Embedded Rust : Why ?
Foreword: I assume in this series that you are :
- a bit familiar with rust-lang terminology (e.g. you know what a crate or a trait is) ;
- familiar with embedded system design & embedded software development.
If you want to learn more about rust, I encourage you to read The Book. You can find all the documentation you need on the rust-lang documentation page.
I will try to publish here a series of articles about my approach to embedded development and how I plan to achieve that in Rust. Embedded system development is not so far from regular application development in that we want it :
- Secure (no secret leakage) ;
- Safe (no external damage) ;
- Maintainable (will never cost more to fix than rewrite) ;
- and Flexible (same as before 😉).
However, the deeply embedded world has some additional constraints such as :
- Memory Size (only few KiB) ;
- core frequency (240MHz is the fastests MCU I’ve played with so far) ;
- core ISA (vectorized double precision float computation is not available on all MCU 😲) ;
- Single core (There are some multicore MCU but they’re clearly a drop in the ocean) ;
- no OS such Android/Linux/iOS/Windows (a curse & a bless at the same time) ;
- No MMU so no virtual memory space ;
- Diversity/inconsistency of platforms…
It is also well known that the world is highly unpredictable and if one thing is pretty certain is that the product will fail at some point. In that case we often cannot afford to ask someone (a customer or an agent) to reboot or power cycle the device. We want it to be bug free or at least able to recover on its own. We also want (at least during dev phase) the system to tell us if/when/why such a dramatic failure occurred.
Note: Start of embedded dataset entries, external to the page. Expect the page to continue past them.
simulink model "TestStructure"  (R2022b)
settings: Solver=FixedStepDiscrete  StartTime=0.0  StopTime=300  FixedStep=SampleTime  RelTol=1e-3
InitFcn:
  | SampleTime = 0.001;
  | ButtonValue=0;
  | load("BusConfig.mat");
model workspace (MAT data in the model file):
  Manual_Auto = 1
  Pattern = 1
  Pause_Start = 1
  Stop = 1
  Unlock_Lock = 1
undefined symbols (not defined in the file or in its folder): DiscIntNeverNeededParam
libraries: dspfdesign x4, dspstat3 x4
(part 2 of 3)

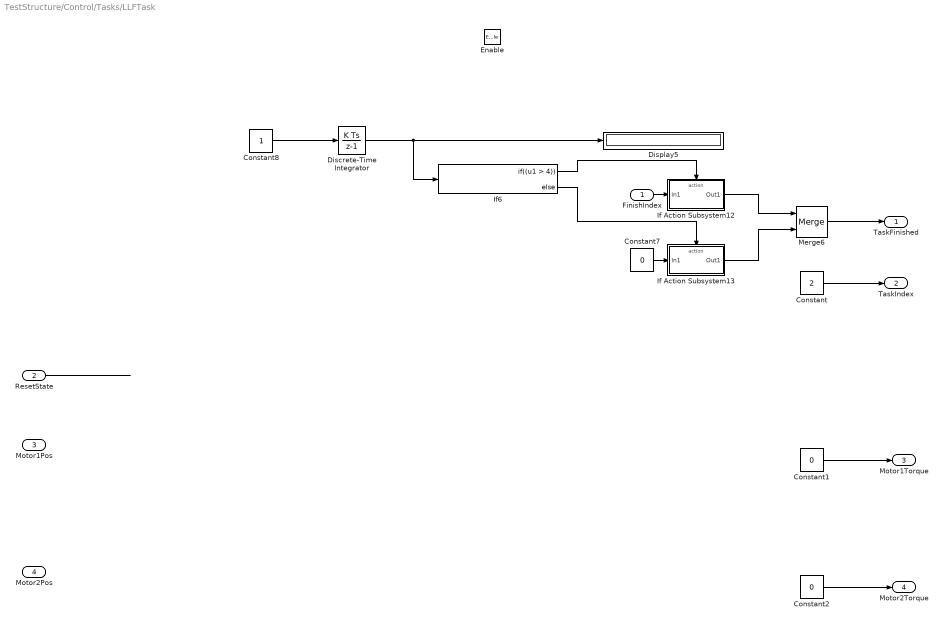
== system TestStructure/Control/Tasks/LLFTask ==
  FinishIndex : Inport
  ResetState : Inport  Port=2
  Motor1Pos : Inport  Port=3
  Motor2Pos : Inport  Port=4
  Enable : EnablePort  StatesWhenEnabling=reset
  Constant : Constant  Value=2
  Constant1 : Constant  Value=0
  Constant2 : Constant  Value=0
  Constant7 : Constant  Value=0  OutDataTypeStr=double
  Constant8 : Constant
  Discrete-Time Integrator : DiscreteIntegrator  SampleTime=-1  ICPrevOutput=DiscIntNeverNeededParam  ICPrevScaledInput=DiscIntNeverNeededParam
  Display5 : Display
  If Action Subsystem12 : Subsystem  TreatAsAtomicUnit=on
  If Action Subsystem13 : Subsystem  TreatAsAtomicUnit=on
  If6 : If  IfExpression=(u1 > 4)
  Merge6 : Merge
  TaskFinished : Outport
  TaskIndex : Outport  Port=2
  Motor1Torque : Outport  Port=3
  Motor2Torque : Outport  Port=4
  wires:
  Merge6/1 -> TaskFinished/1
  If6/1 -> If Action Subsystem12/Action
  Constant8/1 -> Discrete-Time Integrator/1
  If6/2 -> If Action Subsystem13/Action
  Discrete-Time Integrator/1 -> If6/1, Display5/1
  If Action Subsystem13/1(Out1) -> Merge6/2
  FinishIndex/1 -> If Action Subsystem12/1(In1)
  If Action Subsystem12/1(Out1) -> Merge6/1
  Constant7/1 -> If Action Subsystem13/1(In1)
  Constant/1 -> TaskIndex/1
  Constant1/1 -> Motor1Torque/1
  Constant2/1 -> Motor2Torque/1
  ResetState/1 -> ?

== system TestStructure/Control/Tasks/LLWAutoTask ==
  FinishIndex : Inport
  ResetState : Inport  Port=2
  Motor1Pos : Inport  Port=3
  Motor2Pos : Inport  Port=4
  Enable : EnablePort  StatesWhenEnabling=reset
  Constant : Constant  Value=8
  Constant1 : Constant  Value=0
  Constant2 : Constant  Value=0
  Constant7 : Constant  Value=0  OutDataTypeStr=double
  Constant8 : Constant
  Discrete-Time Integrator : DiscreteIntegrator  SampleTime=-1  ICPrevOutput=DiscIntNeverNeededParam  ICPrevScaledInput=DiscIntNeverNeededParam
  Display5 : Display
  If Action Subsystem12 : Subsystem  TreatAsAtomicUnit=on
  If Action Subsystem13 : Subsystem  TreatAsAtomicUnit=on
  If6 : If  IfExpression=(u1 > 4)
  Merge6 : Merge
  TaskFinished : Outport
  TaskIndex : Outport  Port=2
  Motor1Torque : Outport  Port=3
  Motor2Torque : Outport  Port=4
  wires:
  Merge6/1 -> TaskFinished/1
  If6/1 -> If Action Subsystem12/Action
  Constant8/1 -> Discrete-Time Integrator/1
  If6/2 -> If Action Subsystem13/Action
  Discrete-Time Integrator/1 -> If6/1, Display5/1
  If Action Subsystem13/1(Out1) -> Merge6/2
  FinishIndex/1 -> If Action Subsystem12/1(In1)
  If Action Subsystem12/1(Out1) -> Merge6/1
  Constant7/1 -> If Action Subsystem13/1(In1)
  Constant/1 -> TaskIndex/1
  Constant1/1 -> Motor1Torque/1
  Constant2/1 -> Motor2Torque/1
  ResetState/1 -> ?

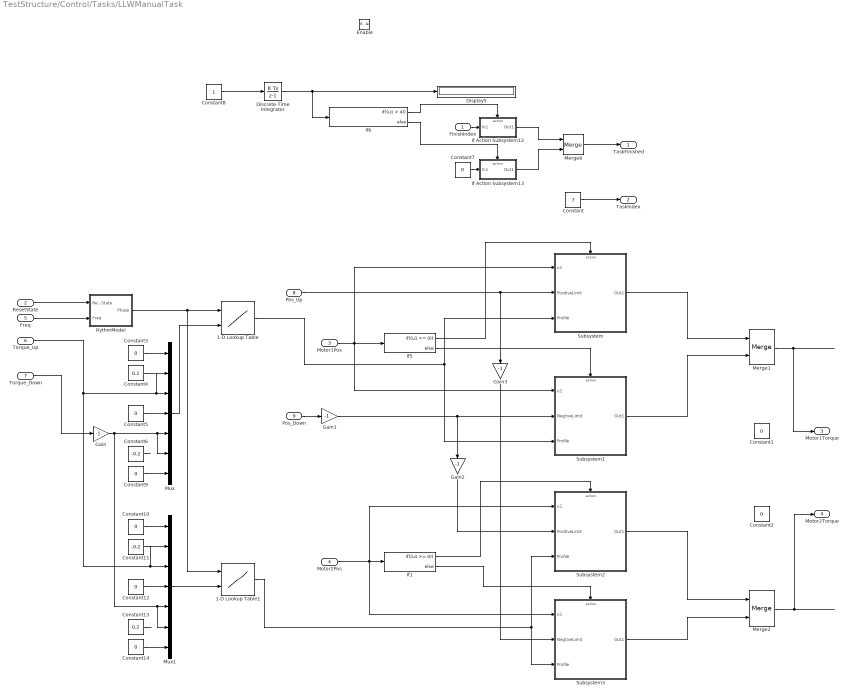
== system TestStructure/Control/Tasks/LLWManualTask ==
  FinishIndex : Inport
  ResetState : Inport  Port=2
  Motor1Pos : Inport  Port=3
  Motor2Pos : Inport  Port=4
  Freq : Inport  Port=5
  Torque_Up : Inport  Port=6
  Torque_Down : Inport  Port=7
  Pos_Up : Inport  Port=8
  Pos_Down : Inport  Port=9
  Enable : EnablePort
  1-D Lookup Table : Lookup_n-D  NumberOfTableDimensions=1  BreakpointsForDimension1=[0;0.2;0.35;0.5;0.65;0.85;1]  TableSource=Input port  Table=[0;0.2;3;0;-3;-0.2;0]  InternalRulePriority=Speed  RndMeth=Simplest
      settings: InputPortMap=u0,p221
  1-D Lookup Table1 : Lookup_n-D  NumberOfTableDimensions=1  BreakpointsForDimension1=[0;0.2;0.35;0.5;0.65;0.85;1]  TableSource=Input port  Table=[0;0.2;3;0;-3;-0.2;0]  InternalRulePriority=Speed  RndMeth=Simplest
      settings: InputPortMap=u0,p221
  Constant : Constant  Value=7
  Constant{1..3,5,9..10,12,14} (8 alike) : Constant  Value=0
  Constant11 : Constant  Value=-0.2
  Constant13 : Constant  Value=0.2
  Constant4 : Constant  Value=0.2
  Constant6 : Constant  Value=-0.2
  Constant7 : Constant  Value=0  OutDataTypeStr=double
  Constant8 : Constant
  Discrete-Time Integrator : DiscreteIntegrator  SampleTime=-1  ICPrevOutput=DiscIntNeverNeededParam  ICPrevScaledInput=DiscIntNeverNeededParam
  Display5 : Display
  Gain{,1..3} (4 alike) : Gain  Gain=-1
  If Action Subsystem12 : Subsystem  TreatAsAtomicUnit=on
  If Action Subsystem13 : Subsystem  TreatAsAtomicUnit=on
  If1 : If  IfExpression=(u1 >= 0)
  If5 : If  IfExpression=(u1 >= 0)
  If6 : If  IfExpression=(u1 > 4)
  Merge1 : Merge
  Merge2 : Merge
  Merge6 : Merge
  Mux : Mux  Inputs=7
  Mux1 : Mux  Inputs=7
  RythmModel : Subsystem
  Subsystem : Subsystem
  Subsystem1 : Subsystem
  Subsystem2 : Subsystem
  Subsystem3 : Subsystem
  TaskFinished : Outport
  TaskIndex : Outport  Port=2
  Motor1Torque : Outport  Port=3
  Motor2Torque : Outport  Port=4
  wires:
  Merge6/1 -> TaskFinished/1
  If6/1 -> If Action Subsystem12/Action
  Constant8/1 -> Discrete-Time Integrator/1
  If6/2 -> If Action Subsystem13/Action
  Discrete-Time Integrator/1 -> If6/1, Display5/1
  If Action Subsystem13/1(Out1) -> Merge6/2
  FinishIndex/1 -> If Action Subsystem12/1(In1)
  If Action Subsystem12/1(Out1) -> Merge6/1
  Constant7/1 -> If Action Subsystem13/1(In1)
  Constant/1 -> TaskIndex/1
  If5/1 -> Subsystem/Action
  Mux1/1 -> 1-D Lookup Table1/2
  Gain3/1 -> Subsystem3/2(NegtiveLimit)
  1-D Lookup Table1/1 -> Subsystem2/3(Profile), Subsystem3/3(Profile)
  Constant12/1 -> Mux1/4
  1-D Lookup Table/1 -> Subsystem1/3(Profile), Subsystem/3(Profile)
  Subsystem/1(Out1) -> Merge1/1
  Mux/1 -> 1-D Lookup Table/2
  Merge1/1 -> Motor1Torque/1
  Merge2/1 -> Motor2Torque/1
  If5/2 -> Subsystem1/Action
  Gain2/1 -> Subsystem2/2(PositiveLimit)
  Gain/1 -> Mux1/5, Mux1/6, Mux/6, Mux/5
  Constant3/1 -> Mux/1
  If1/2 -> Subsystem3/Action
  Subsystem2/1(Out1) -> Merge2/1
  Constant10/1 -> Mux1/1
  Constant5/1 -> Mux/4
  Constant14/1 -> Mux1/7
  ResetState/1 -> RythmModel/1(ResetState)
  Pos_Down/1 -> Gain1/1
  Subsystem1/1(Out1) -> Merge1/2
  If1/1 -> Subsystem2/Action
  RythmModel/1(Phase) -> 1-D Lookup Table1/1, 1-D Lookup Table/1
  Torque_Up/1 -> Mux1/2, Mux1/3, Mux/2, Mux/3
  Subsystem3/1(Out1) -> Merge2/2
  Constant9/1 -> Mux/7
  Constant6/1 -> ?
  Motor1Pos/1 -> Subsystem1/1(u1), If5/1, Subsystem/1(u1)
  Constant13/1 -> ?
  Freq/1 -> RythmModel/2(Freq)
  Torque_Down/1 -> Gain/1
  Constant11/1 -> ?
  Motor2Pos/1 -> Subsystem3/1(u1), Subsystem2/1(u1), If1/1
  Gain1/1 -> Subsystem1/2(NegtiveLimit), Gain2/1
  Constant4/1 -> ?
  Pos_Up/1 -> Subsystem/2(PositiveLimit), Gain3/1

== system TestStructure/Control/Tasks/PauseTask ==
  FinishIndex : Inport
  ResetState : Inport  Port=2
  Motor1Pos : Inport  Port=3
  Motor2Pos : Inport  Port=4
  Enable : EnablePort  StatesWhenEnabling=reset
  Constant : Constant  Value=9
  Constant1 : Constant  Value=0
  Constant2 : Constant  Value=0
  Constant7 : Constant  Value=0  OutDataTypeStr=double
  Constant8 : Constant
  Discrete-Time Integrator : DiscreteIntegrator  SampleTime=-1  ICPrevOutput=DiscIntNeverNeededParam  ICPrevScaledInput=DiscIntNeverNeededParam
  Display5 : Display
  If Action Subsystem12 : Subsystem  TreatAsAtomicUnit=on
  If Action Subsystem13 : Subsystem  TreatAsAtomicUnit=on
  If6 : If  IfExpression=(u1 > 4)
  Merge6 : Merge
  TaskFinished : Outport
  TaskIndex : Outport  Port=2
  Motor1Torque : Outport  Port=3
  Motor2Torque : Outport  Port=4
  wires:
  Merge6/1 -> TaskFinished/1
  If6/1 -> If Action Subsystem12/Action
  Constant8/1 -> Discrete-Time Integrator/1
  If6/2 -> If Action Subsystem13/Action
  Discrete-Time Integrator/1 -> If6/1, Display5/1
  If Action Subsystem13/1(Out1) -> Merge6/2
  FinishIndex/1 -> If Action Subsystem12/1(In1)
  If Action Subsystem12/1(Out1) -> Merge6/1
  Constant7/1 -> If Action Subsystem13/1(In1)
  Constant/1 -> TaskIndex/1
  Constant1/1 -> Motor1Torque/1
  Constant2/1 -> Motor2Torque/1
  ResetState/1 -> ?

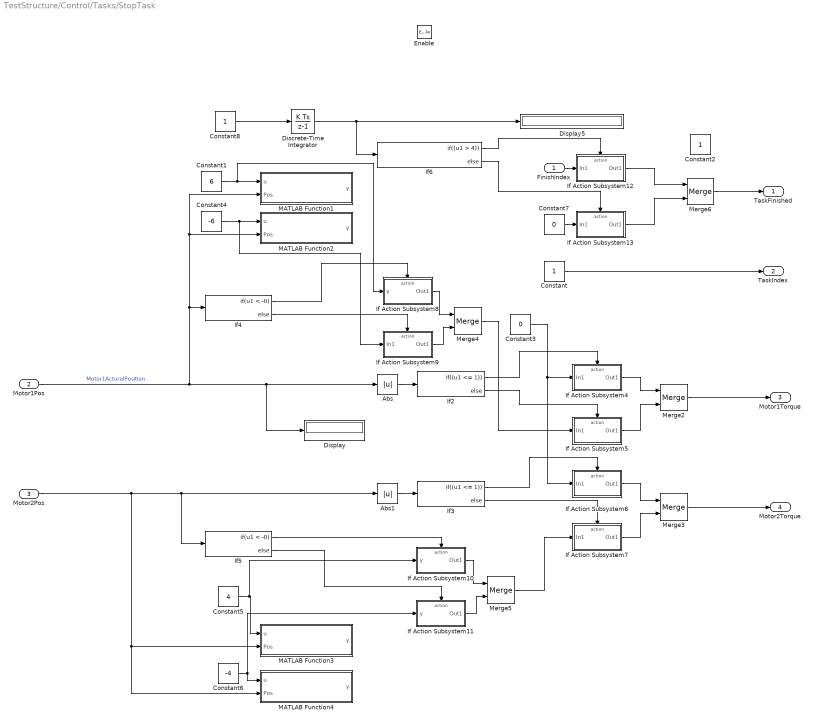
== system TestStructure/Control/Tasks/StopTask ==
  FinishIndex : Inport
  Motor1Pos : Inport  Port=2
  Motor2Pos : Inport  Port=3
  Enable : EnablePort  StatesWhenEnabling=reset
  Abs : Abs  SaturateOnIntegerOverflow=off
  Abs1 : Abs  SaturateOnIntegerOverflow=off
  Constant : Constant
  Constant1 : Constant  Value=6
  Constant2 : Constant
  Constant3 : Constant  Value=0
  Constant4 : Constant  Value=-6
  Constant5 : Constant  Value=4
  Constant6 : Constant  Value=-4
  Constant7 : Constant  Value=0  OutDataTypeStr=double
  Constant8 : Constant
  Discrete-Time Integrator : DiscreteIntegrator  SampleTime=-1  ICPrevOutput=DiscIntNeverNeededParam  ICPrevScaledInput=DiscIntNeverNeededParam
  Display : Display
  Display5 : Display
  If Action Subsystem10 : Subsystem  TreatAsAtomicUnit=on
  If Action Subsystem11 : Subsystem  TreatAsAtomicUnit=on
  If Action Subsystem12 : Subsystem  TreatAsAtomicUnit=on
  If Action Subsystem13 : Subsystem  TreatAsAtomicUnit=on
  If Action Subsystem4 : Subsystem  TreatAsAtomicUnit=on
  If Action Subsystem5 : Subsystem  TreatAsAtomicUnit=on
  If Action Subsystem6 : Subsystem  TreatAsAtomicUnit=on
  If Action Subsystem7 : Subsystem  TreatAsAtomicUnit=on
  If Action Subsystem8 : Subsystem  TreatAsAtomicUnit=on
  If Action Subsystem9 : Subsystem  TreatAsAtomicUnit=on
  If2 : If  IfExpression=(u1 <= 1)
  If3 : If  IfExpression=(u1 <= 1)
  If4 : If  IfExpression=u1 < -0
  If5 : If  IfExpression=u1 < -0
  If6 : If  IfExpression=(u1 > 4)
  MATLAB Function1 : MATLAB Function  TreatAsAtomicUnit=on
  MATLAB Function2 : MATLAB Function  TreatAsAtomicUnit=on
  MATLAB Function3 : MATLAB Function  TreatAsAtomicUnit=on
  MATLAB Function4 : MATLAB Function  TreatAsAtomicUnit=on
  Merge{2..6} (5 alike) : Merge
  TaskFinished : Outport
  TaskIndex : Outport  Port=2
  Motor1Torque : Outport  Port=3
  Motor2Torque : Outport  Port=4
  wires:
  Merge6/1 -> TaskFinished/1
  If6/1 -> If Action Subsystem12/Action
  If2/1 -> If Action Subsystem4/Action
  Constant1/1 -> If Action Subsystem8/1(y), MATLAB Function1/1(u)
  If Action Subsystem11/1(Out1) -> Merge5/2
  Constant5/1 -> If Action Subsystem10/1(y), MATLAB Function3/1(u)
  If5/2 -> If Action Subsystem11/Action
  If4/2 -> If Action Subsystem9/Action
  If Action Subsystem8/1(Out1) -> Merge4/1
  If3/2 -> If Action Subsystem7/Action
  If4/1 -> If Action Subsystem8/Action
  If Action Subsystem10/1(Out1) -> Merge5/1
  Constant8/1 -> Discrete-Time Integrator/1
  If2/2 -> If Action Subsystem5/Action
  Merge5/1 -> If Action Subsystem7/1(In1)
  Merge3/1 -> Motor2Torque/1
  If5/1 -> If Action Subsystem10/Action
  Abs/1 -> If2/1
  Merge4/1 -> If Action Subsystem5/1(In1)
  Merge2/1 -> Motor1Torque/1
  Constant3/1 -> If Action Subsystem6/1(In1), If Action Subsystem4/1(In1)
  If Action Subsystem9/1(Out1) -> Merge4/2
  Motor2Pos/1 -> MATLAB Function4/2(Pos), MATLAB Function3/2(Pos), If5/1, Abs1/1
  Motor1Pos/1 -> MATLAB Function2/2(Pos), MATLAB Function1/2(Pos), If4/1, Abs/1, Display/1  "Motor1ActuralPosition"
  If6/2 -> If Action Subsystem13/Action
  Abs1/1 -> If3/1
  Discrete-Time Integrator/1 -> If6/1, Display5/1
  If Action Subsystem13/1(Out1) -> Merge6/2
  If Action Subsystem7/1(Out1) -> Merge3/2
  FinishIndex/1 -> If Action Subsystem12/1(In1)
  If Action Subsystem12/1(Out1) -> Merge6/1
  If Action Subsystem6/1(Out1) -> Merge3/1
  If Action Subsystem4/1(Out1) -> Merge2/1
  If3/1 -> If Action Subsystem6/Action
  If Action Subsystem5/1(Out1) -> Merge2/2
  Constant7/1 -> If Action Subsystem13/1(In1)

And as if it wasn’t yet too complicated, the industry itself adds its own constraints to this soup. The “volatility” of devs requires the handover process to be as efficient as possible not to impair the “productivity”. I mean that while handing over a project, people should focus on the product itself rather than the tools used to build/generate/deploy/debug/… it.
In the next posts I’ll talk about the following topics (links will be added as the articles get published) :
- Framework structure :
Crates & feature gates to the rescue…
- Resource management :
GPIO and other peripherals…
- Threadless, Co-operative & Pre-emptive multitasking
One driver to rule them all !
- Execution context types
main – thread – interrupt
Context switching & safety
- Critical failure handling
- Framework structure :
Cross crate tools – logging
I know that all this might sound/look pretty abstract. To make this slightly more concrete, I’ll use as a demo project an IoT enabled 3D printer (based on my Anet A6 & Flsun 3). I’ll start working on a Cortex-M based motherboard as AVR is not yet supported in the mainstream rust compiler. However, as I want this framework to be cross platform, the same application code must run on all targets seamlessly.